- Wood Lawn Farm
- U.S. National Register of Historic Places
- Location: 5 miles west of Hobson, Montana on Utica Road 239
- Coordinates: 46°59′17″N 109°58′36″W﻿ / ﻿46.98806°N 109.97667°W
- Area: 160 acres (65 ha)
- Built: 1890
- Built by: Jellison, Richmond
- Architectural style: Colonial Revival, Queen Anne
- NRHP reference No.: 92001762
- Added to NRHP: January 27, 1993

= Wood Lawn Farm =

The Wood Lawn Farm, also known as Goodell Ranch, is a site on the National Register of Historic Places 5 miles west of Hobson on Utica Road 239. It was added to the Register on January 27, 1993. The listing included eight contributing buildings on 160 acre.

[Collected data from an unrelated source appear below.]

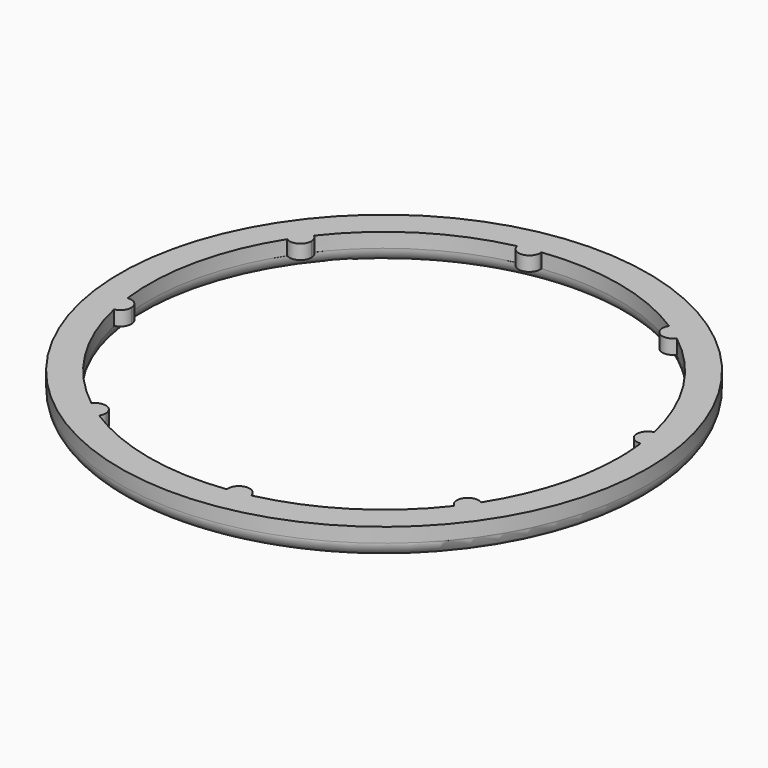
from build123d import *

# Parameters (mm, degrees)
F0_R     = 18.25
F0_R_2   = 16.25
F1_DEPTH = 2
F3_DEPTH = 1
F4_R     = 0.99999


# Not quite as in the source:
# - a fillet or chamfer is up to 0.001 mm smaller than in the source, because OpenCascade refuses the exact size


with BuildPart() as f1:
    # F0 (on Top) → F1 (new body)
    with BuildSketch(Plane.XY):
        Circle(F0_R)
        Circle(F0_R_2, mode=Mode.SUBTRACT)
    extrude(amount=F1_DEPTH)

    # F2 (on face) → F3 (join)
    with BuildSketch(Plane.XY.offset(2)):
        with BuildLine():
            ThreePointArc((-13.6956579083, 8.7459393126), (-12.9247475177, 8.70670819), (-12.5275195769, 9.368563064))
            ThreePointArc((-12.5275195769, 9.368563064), (-12.6077000662, 9.7059676033), (-12.8310977719, 9.9712301131))
            ThreePointArc((-12.8310977719, 9.9712301131), (-13.2775195769, 9.368563064), (-13.6956579083, 8.7459393126))
        make_face()
        with BuildLine():
            ThreePointArc((-13.6956579083, 8.7459393126), (-13.2775195769, 9.368563064), (-12.8310977719, 9.9712301131))
            ThreePointArc((-12.8310977719, 9.9712301131), (-13.8903281728, 9.8009582824), (-13.6956579083, 8.7459393126))
        make_face()
        with BuildLine():
            ThreePointArc((-2.0222318148, 16.1236806743), (-2.7640496576, 16.0131986027), (-3.4999795839, 15.8686055755))
            ThreePointArc((-3.4999795839, 15.8686055755), (-2.6914116674, 15.2667244087), (-2.0140496576, 16.0131986027))
            ThreePointArc((-2.0140496576, 16.0131986027), (-2.016097994, 16.0685909213), (-2.0222318148, 16.1236806743))
        make_face()
        with BuildLine():
            ThreePointArc((-2.0222318148, 16.1236806743), (-2.8916211803, 16.7522693075), (-3.4999795839, 15.8686055755))
            ThreePointArc((-3.4999795839, 15.8686055755), (-2.7640496576, 16.0131986027), (-2.0222318148, 16.1236806743))
        make_face()
        with BuildLine():
            ThreePointArc((-15.8686055755, -3.4999795839), (-16.0131986027, -2.7640496576), (-16.1236806743, -2.0222318148))
            ThreePointArc((-16.1236806743, -2.0222318148), (-16.7522693075, -2.8916211803), (-15.8686055755, -3.4999795839))
        make_face()
        with BuildLine():
            ThreePointArc((-15.2631986027, -2.7640496576), (-15.5234851935, -2.1959996802), (-16.1236806743, -2.0222318148))
            ThreePointArc((-16.1236806743, -2.0222318148), (-16.0131986027, -2.7640496576), (-15.8686055755, -3.4999795839))
            ThreePointArc((-15.8686055755, -3.4999795839), (-15.4339988227, -3.2405238067), (-15.2631986027, -2.7640496576))
        make_face()
        with BuildLine():
            ThreePointArc((9.9712301131, 12.8310977719), (9.368563064, 13.2775195769), (8.7459393126, 13.6956579083))
            ThreePointArc((8.7459393126, 13.6956579083), (8.9361678457, 12.664710981), (9.9712301131, 12.8310977719))
        make_face()
        with BuildLine():
            ThreePointArc((10.118563064, 13.2775195769), (9.5871176184, 13.9949691617), (8.7459393126, 13.6956579083))
            ThreePointArc((8.7459393126, 13.6956579083), (9.368563064, 13.2775195769), (9.9712301131, 12.8310977719))
            ThreePointArc((9.9712301131, 12.8310977719), (10.0807780199, 13.0424666965), (10.118563064, 13.2775195769))
        make_face()
        with BuildLine():
            ThreePointArc((-8.618563064, -13.2775195769), (-9.1335101836, -12.565304621), (-9.9712301131, -12.8310977719))
            ThreePointArc((-9.9712301131, -12.8310977719), (-9.368563064, -13.2775195769), (-8.7459393126, -13.6956579083))
            ThreePointArc((-8.7459393126, -13.6956579083), (-8.6511134792, -13.4960741312), (-8.618563064, -13.2775195769))
        make_face()
        with BuildLine():
            ThreePointArc((16.1236806743, 2.0222318148), (16.0131986027, 2.7640496576), (15.8686055755, 3.4999795839))
            ThreePointArc((15.8686055755, 3.4999795839), (15.274127898, 2.6364781349), (16.1236806743, 2.0222318148))
        make_face()
        with BuildLine():
            ThreePointArc((3.4999795839, -15.8686055755), (2.6364781349, -15.274127898), (2.0222318148, -16.1236806743))
            ThreePointArc((2.0222318148, -16.1236806743), (2.7640496576, -16.0131986027), (3.4999795839, -15.8686055755))
        make_face()
        with BuildLine():
            ThreePointArc((13.6956579083, -8.7459393126), (12.664710981, -8.9361678457), (12.8310977719, -9.9712301131))
            ThreePointArc((12.8310977719, -9.9712301131), (13.2775195769, -9.368563064), (13.6956579083, -8.7459393126))
        make_face()
    extrude(amount=-F3_DEPTH)

    # F4 (radius 1 in the source; OpenCascade refuses exactly that, so slightly less here)
    f4_edges = [f1.edges().sort_by_distance(p)[0] for p in [
        (-18.25, 0, 0),
        (-16.25, 0, 0),
    ]]
    fillet(f4_edges, radius=F4_R)


solid = f1.part

Its NRHP nomination describes its importance:

... this important historic property symbolizes the transformation of the Judith Basin from open-range prairie lands to farm and ranch lands. The experience of local pioneers, Clarence and Parmelia Goodell, further adds to understanding the settlement and agricultural development of the Basin. Their acquisition of a preemption and a tree claim in 1880 patterns the general trend of homesteaders in the Basin, for a majority of the settlers obtained land from the federal government in this way. Mr. and Mrs. Goodell began to farm and ranch this area as one of the first homesteading families in the Judith Basin. In addition, Wood Lawn Farm is important ... for its architecture. Reflecting a transition away from the primitive log cabin architecture which characterized much residential building on the central Montana ranching frontier, the Goodells built a modern, Queen Anne/Colonial Revival style wood frame house by the beginning of 1890, reflecting a genuine confidence in the Judith Basin and its sustaining capacity. For its associations with local builder Richmond Jellison, the property gains significance. Jellison was responsible for the construction of several vernacular buildings in Philbrook and the outlying rural district, and his sense of design informed the character of this early community.